I just started using Flux.jl. I have a loss function whose gradient is calculated much slower on GPU than on CPU. As a machine learning project typically involves a large dataset, it is difficult to create a MWE, but I wonder if someone have any suggestions by looking at the types of the arguments.
Here are the packages I am using:
using Flux
using Flux: onehotbatch, onecold, crossentropy, params
using CUDA
I have a loss function
loss(x, y) = crossentropy(m(x), y)
defined with some model m
. On CPU, I can evaluate the gradient of the loss function in 10 secs:
julia> @timev gradient(()->loss(t...), ps)

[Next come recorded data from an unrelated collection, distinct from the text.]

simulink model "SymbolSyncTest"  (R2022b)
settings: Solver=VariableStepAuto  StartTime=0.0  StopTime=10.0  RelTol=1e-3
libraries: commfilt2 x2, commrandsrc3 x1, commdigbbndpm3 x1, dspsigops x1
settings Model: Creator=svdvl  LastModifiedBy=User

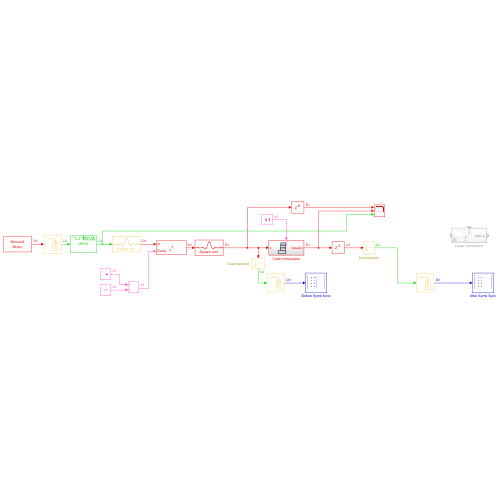
[thumbnail: Simulink's stored preview of the top-level diagram]
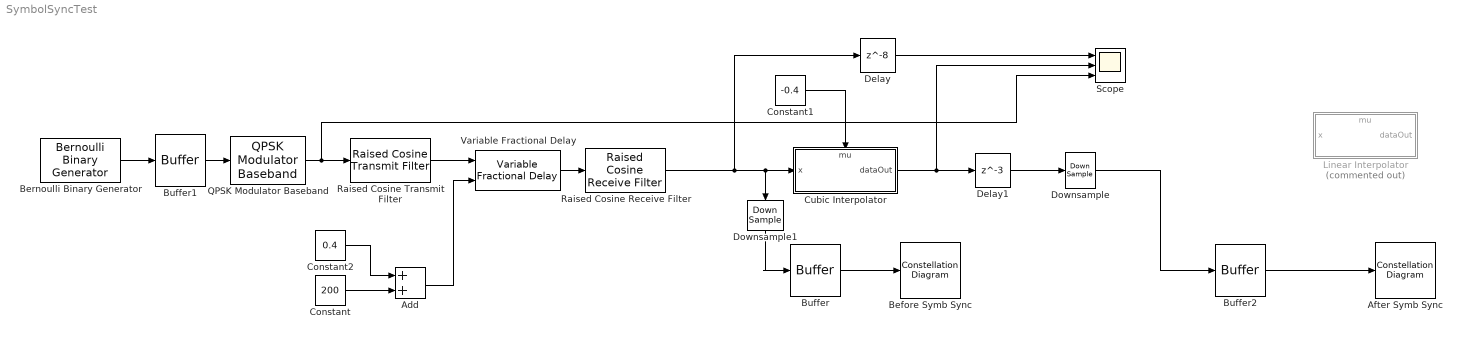
== system SymbolSyncTest ==
  Add : Sum
  After Symb Sync : ConstellationDiagram  WindowPosition=[1026.000000,90.000000,600.000000,600.000000,]  ScopeFrameLocation=window  DefaultConfigurationName=comm.scopes.ConstellationDiagramBlockCfg
  Before Symb Sync : ConstellationDiagram  WindowPosition=[382.000000,84.000000,600.000000,600.000000,]  ScopeFrameLocation=window  DefaultConfigurationName=comm.scopes.ConstellationDiagramBlockCfg
  Bernoulli Binary Generator : commrandsrc3/Bernoulli Binary Generator  ProbabilityOfZero=0.5  SeedSource=Auto  Seed=0  SampleTime=1e-3  SamplesPerFrame=1  OutputDataType=double  SimulateUsing=Interpreted execution
  Buffer : Buffer  N=500  OutputFrames=off
  Buffer1 : Buffer  N=2  OutputFrames=off
  Buffer2 : Buffer  N=500  OutputFrames=off
  Constant : Constant  Value=200
  Constant1 : Constant  Value=-0.4
  Constant2 : Constant  Value=0.4
  Cubic Interpolator : Subsystem
      settings: PortSchema="{\"entries\":[{\"content\":{\"sides\":[{\"content\":{\"connectorIds\":[\"In1\"]},\"type\":\"ConnectorPlacement.EquallySpacedRectSide\",\"uuid\":\"e185856d-5f81-4c71-aeba-8657e8be69b7\"},{\"content\":{\"connectorIds\":[\"Out1\"],\"side\":\"RIGHT\"},\"type\":\"ConnectorPlacement.EquallySpacedRectSide\",\"uuid\":\"487ec109-4505-4025-a071-939a946bead6\"},{\"content\":{\"connectorIds\":[\"In2\"],\"side\":\"TOP\"},\"type\":\"ConnectorPlacement.EquallySpacedRectSide\",\"uuid\":\"bdbbf84f-c060-4097-b440-093ef9dcf44f\"},{\"content\":{\"connectorIds\":[],\"side\":\"BOTTOM\"},\"type\":\"ConnectorPlacement.EquallySpacedRectSide\",\"uuid\":\"14959837-ab14-4ae0-ae0e-9624de46668b\"}]},\"type\":\"ConnectorPlacement.EquallySpacedConnector\",\"uuid\":\"80c256de-e921-4425-90d6-76c464211f17\"}],\"packageUris\":[\"http://schema.mathworks.com/mf0/Connector/R2020b\"],\"version\":\"1.0\"}"
  Delay : Delay  DelayLength=8
  Delay1 : Delay  DelayLength=3
  Downsample : DownSample  RateOptions=Allow multirate processing
  Downsample1 : DownSample  RateOptions=Allow multirate processing
  Linear Interpolator : Subsystem  Commented=on
      settings: PortSchema="{\"entries\":[{\"content\":{\"sides\":[{\"content\":{\"connectorIds\":[\"In1\"]},\"type\":\"ConnectorPlacement.EquallySpacedRectSide\",\"uuid\":\"e185856d-5f81-4c71-aeba-8657e8be69b7\"},{\"content\":{\"connectorIds\":[\"Out1\"],\"side\":\"RIGHT\"},\"type\":\"ConnectorPlacement.EquallySpacedRectSide\",\"uuid\":\"487ec109-4505-4025-a071-939a946bead6\"},{\"content\":{\"connectorIds\":[\"In2\"],\"side\":\"TOP\"},\"type\":\"ConnectorPlacement.EquallySpacedRectSide\",\"uuid\":\"bdbbf84f-c060-4097-b440-093ef9dcf44f\"},{\"content\":{\"connectorIds\":[],\"side\":\"BOTTOM\"},\"type\":\"ConnectorPlacement.EquallySpacedRectSide\",\"uuid\":\"14959837-ab14-4ae0-ae0e-9624de46668b\"}]},\"type\":\"ConnectorPlacement.EquallySpacedConnector\",\"uuid\":\"80c256de-e921-4425-90d6-76c464211f17\"}],\"packageUris\":[\"http://schema.mathworks.com/mf0/Connector/R2020b\"],\"version\":\"1.0\"}"
  QPSK Modulator Baseband : commdigbbndpm3/QPSK Modulator Baseband  InType=Bit  Enc=Gray  Ph=pi/4  outDtype=double  outWordLen=16  outUDDataType=sfix(16)  outFracLenMode=Best precision  outFracLen=15  outDataTypeStr=double  outLastDataTypeStr=double
      settings: LibrarySourceBlock=|
      | commhdldigbbndpm/QPSK
      | Modulator
      | Baseband
  Raised Cosine Receive Filter : commfilt2/Raised Cosine Receive Filter  filtType=Square root  R=0.2  filtSpan=20  N=2  downFactor=1  downOffset=0  filterGain=1  RateOptions=Allow multirate processing  framing=Mute  checkCoeff=off  variableName=rcRxFilt  currentFiltSpan=10  D=5  inputOffset=0  sampMode=Mute  saveAsFlag=0  rateMode=Downsampling  checkGain=Normalized  launchFVT=on  roundingMode=Floor  overflowMode=off  coeffDataTypeStr=Inherit: Same word length as input  coeffMin=[]  coeffMax=[]  coeffLastDataTypeStr=Inherit: Same word length as input  accumDataTypeStr=Inherit: Same as product output  accumLastDataTypeStr=Inherit: Same as product output  outputDataTypeStr=Inherit: Same as accumulator  outputMin=[]  outputMax=[]  outputLastDataTypeStr=Inherit: Same as accumulator
      settings: LibrarySourceBlock=|
      | commhdlfilt/Raised Cosine
      | Receive Filter
  Raised Cosine Transmit Filter : commfilt2/Raised Cosine Transmit Filter  filtType=Square root  R=0.2  filtSpan=20  N=2  filterGain=1  RateOptions=Allow multirate processing  framing=Mute  checkCoeff=off  variableName=rcTxFilt  checkGain=Normalized  sampMode=Mute  saveAsFlag=0  currentFiltSpan=10  D=5  launchFVT=on  roundingMode=Floor  overflowMode=off  coeffDataTypeStr=Inherit: Same word length as input  coeffMin=[]  coeffMax=[]  coeffLastDataTypeStr=Inherit: Same word length as input  outputDataTypeStr=Inherit: Same as accumulator  outputMin=[]  outputMax=[]  outputLastDataTypeStr=Inherit: Same as accumulator
      settings: LibrarySourceBlock=|
      | commhdlfilt/Raised Cosine
      | Transmit Filter
  Scope : Scope  NumInputPorts=3
  Variable Fractional Delay : dspsigops/Variable Fractional Delay  mode=OBSOLETE  modeActive=FIR  L=200  FarrowL=400  R=110  alpha=1  dmax=220  ic=0  noDFT=off  fallbackFIR=Clip to the minimum value necessary for centered kernel  fallbackFarrow=Clip to the minimum value necessary for centered kernel  roundingMode=Zero  overflowMode=off
  wires:
  Bernoulli Binary Generator/1 -> Buffer1/1
  QPSK Modulator Baseband/1 -> Scope/3, Raised Cosine Transmit Filter/1
  Raised Cosine Transmit Filter/1 -> Variable Fractional Delay/1
  Variable Fractional Delay/1 -> Raised Cosine Receive Filter/1
  Buffer/1 -> Before Symb Sync/1
  Buffer1/1 -> QPSK Modulator Baseband/1
  Constant1/1 -> Cubic Interpolator/2(mu)
  Buffer2/1 -> After Symb Sync/1
  Cubic Interpolator/1(dataOut) -> Scope/2, Delay1/1
  Downsample/1 -> Buffer2/1
  Downsample1/1 -> Buffer/1
  Delay/1 -> Scope/1
  Constant/1 -> Add/2
  Constant2/1 -> Add/1
  Add/1 -> Variable Fractional Delay/2
  Raised Cosine Receive Filter/1 -> Cubic Interpolator/1(x), Downsample1/1, Delay/1
  Delay1/1 -> Downsample/1

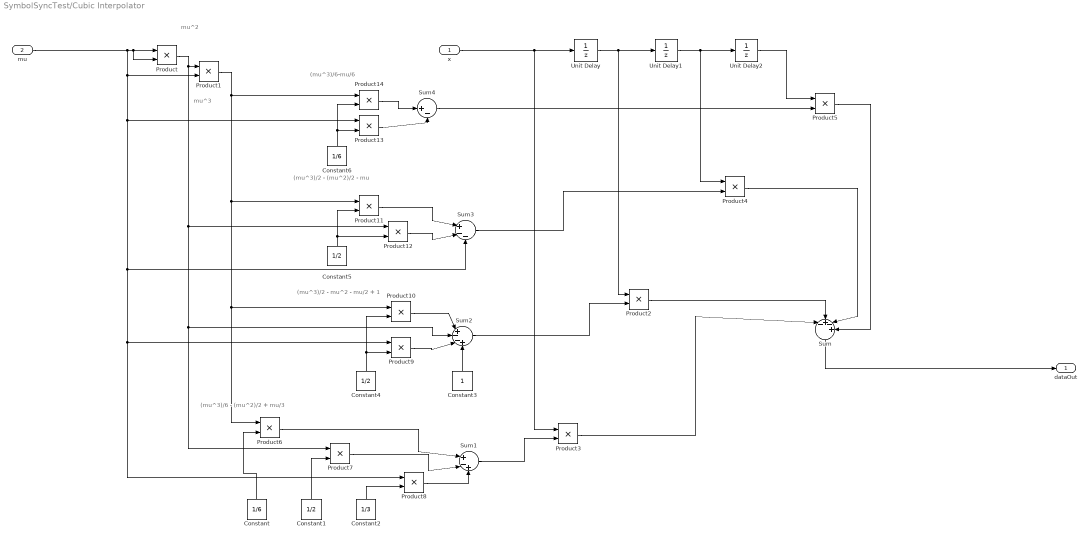
== system SymbolSyncTest/Cubic Interpolator ==
  note: (mu^3)/6-mu/6
  note: (mu^3)/2 - (mu^2)/2 - mu
  note: (mu^3)/2 - mu^2 - mu/2 + 1
  note: (mu^3)/6 - (mu^2)/2 + mu/3
  note: mu^2
  note: mu^3
  x : Inport
  mu : Inport  Port=2
  Constant : Constant  Value=1/6  SampleTime=-1
  Constant1 : Constant  Value=1/2  SampleTime=-1
  Constant2 : Constant  Value=1/3  SampleTime=-1
  Constant3 : Constant  SampleTime=-1
  Constant4 : Constant  Value=1/2  SampleTime=-1
  Constant5 : Constant  Value=1/2  SampleTime=-1
  Constant6 : Constant  Value=1/6  SampleTime=-1
  Product{,1..14} (15 alike) : Product
  Sum : Sum  Inputs=|-+-+
  Sum1 : Sum  Inputs=|+-+
  Sum2 : Sum  Inputs=|+--+
  Sum3 : Sum  Inputs=|+--
  Sum4 : Sum  Inputs=|+-
  Unit Delay : UnitDelay  SampleTime=-1  HasFrameUpgradeWarning=on
  Unit Delay1 : UnitDelay  SampleTime=-1  HasFrameUpgradeWarning=on
  Unit Delay2 : UnitDelay  SampleTime=-1  HasFrameUpgradeWarning=on
  dataOut : Outport
  wires:
  Sum/1 -> dataOut/1
  mu/1 -> Product/2, Product/1, Product13/1, Sum3/3, Product9/1, Product8/1, Product1/2
  Product/1 -> Product12/1, Sum2/2, Product7/1, Product1/1
  Unit Delay/1 -> Product2/1, Unit Delay1/1
  Unit Delay1/1 -> Product4/1, Unit Delay2/1
  Unit Delay2/1 -> Product5/1
  x/1 -> Product3/1, Unit Delay/1
  Product3/1 -> Sum/1
  Product2/1 -> Sum/2
  Product4/1 -> Sum/3
  Product5/1 -> Sum/4
  Constant/1 -> Product6/2
  Product1/1 -> Product11/1, Product10/1, Product6/1, Product14/1
  Constant1/1 -> Product7/2
  Constant2/1 -> Product8/2
  Product7/1 -> Sum1/2
  Sum1/1 -> Product3/2
  Product8/1 -> Sum1/3
  Product6/1 -> Sum1/1
  Constant3/1 -> Sum2/4
  Constant4/1 -> Product10/2, Product9/2
  Product9/1 -> Sum2/3
  Product10/1 -> Sum2/1
  Sum2/1 -> Product2/2
  Constant5/1 -> Product11/2, Product12/2
  Product12/1 -> Sum3/2
  Product11/1 -> Sum3/1
  Sum3/1 -> Product4/2
  Constant6/1 -> Product14/2, Product13/2
  Product14/1 -> Sum4/1
  Product13/1 -> Sum4/2
  Sum4/1 -> Product5/2

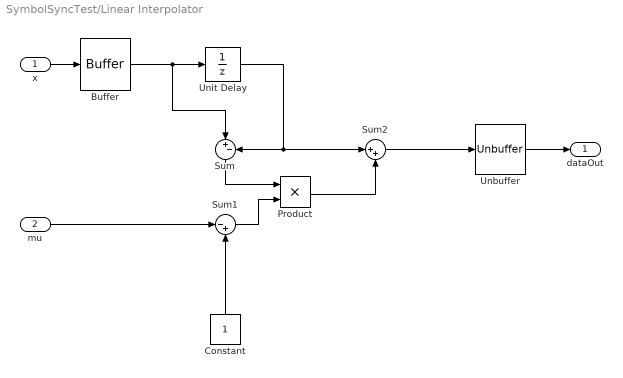
== system SymbolSyncTest/Linear Interpolator ==
  x : Inport
  mu : Inport  Port=2
  Buffer : Buffer  N=4  OutputFrames=off
  Constant : Constant  SampleTime=-1
  Product : Product
  Sum : Sum  Inputs=|+-
  Sum1 : Sum  Inputs=|-+
  Sum2 : Sum  Inputs=|++
  Unbuffer : Unbuffer
  Unit Delay : UnitDelay  SampleTime=-1  HasFrameUpgradeWarning=on
  dataOut : Outport
  wires:
  Unit Delay/1 -> Sum/2, Sum2/1
  Sum1/1 -> Product/2
  Sum/1 -> Product/1
  mu/1 -> Sum1/1
  Sum2/1 -> Unbuffer/1
  x/1 -> Buffer/1
  Constant/1 -> Sum1/2
  Product/1 -> Sum2/2
  Buffer/1 -> Sum/1, Unit Delay/1
  Unbuffer/1 -> dataOut/1

8.022828 seconds (4.67 M allocations: 7.465 GiB, 16.80% gc time, 38.20% compilation time)
elapsed time (ns): 8022828062
gc time (ns): 1347510721
bytes allocated: 8014950633
pool allocs: 4671353
non-pool GC allocs: 512
malloc() calls: 290
free() calls: 100
minor collections: 3
full collections: 3
Grads(...)
Here the type of t
is
julia> typeof(t)
Tuple{Array{Float32, 3}, OneHotArrays.OneHotMatrix{UInt32, 10, Vector{UInt32}}}
and the types of the elements of ps
are a combination of 1D, 2D, and 3D arrays:
julia> typeof.(ps)
62-element Vector{DataType}:
Array{Float32, 3}
⋮
Vector{Float32} (alias for Array{Float32, 1})
⋮
Matrix{Float32} (alias for Array{Float32, 2})
⋮
Now, to perform the gradient on GPU, I defined a new loss function as follows:
m2 = m |> gpu
loss2(x,y) = crossentropy(m2(x), y)
I also prepared the CUDA version of t
and ps
:
julia> typeof(t2)
Tuple{CuArray{Float32, 3, CUDA.Mem.DeviceBuffer}, OneHotArrays.OneHotMatrix{UInt32, 10, CuArray{UInt32, 1, CUDA.Mem.DeviceBuffer}}}
julia> typeof.(ps2)
62-element Vector{DataType}:
CuArray{Float32, 3, CUDA.Mem.DeviceBuffer}
⋮
CuArray{Float32, 1, CUDA.Mem.DeviceBuffer}
⋮
CuArray{Float32, 2, CUDA.Mem.DeviceBuffer}
⋮
You can see that the standard Array
s in t
and ps
are converted to the corresponding CuArray
s in t2
and ps2
.
However, when I peform gradient
on loss2
using t2
and ps2
, it takes much longer:
julia> @timev gradient(()->loss2(t2...), ps2)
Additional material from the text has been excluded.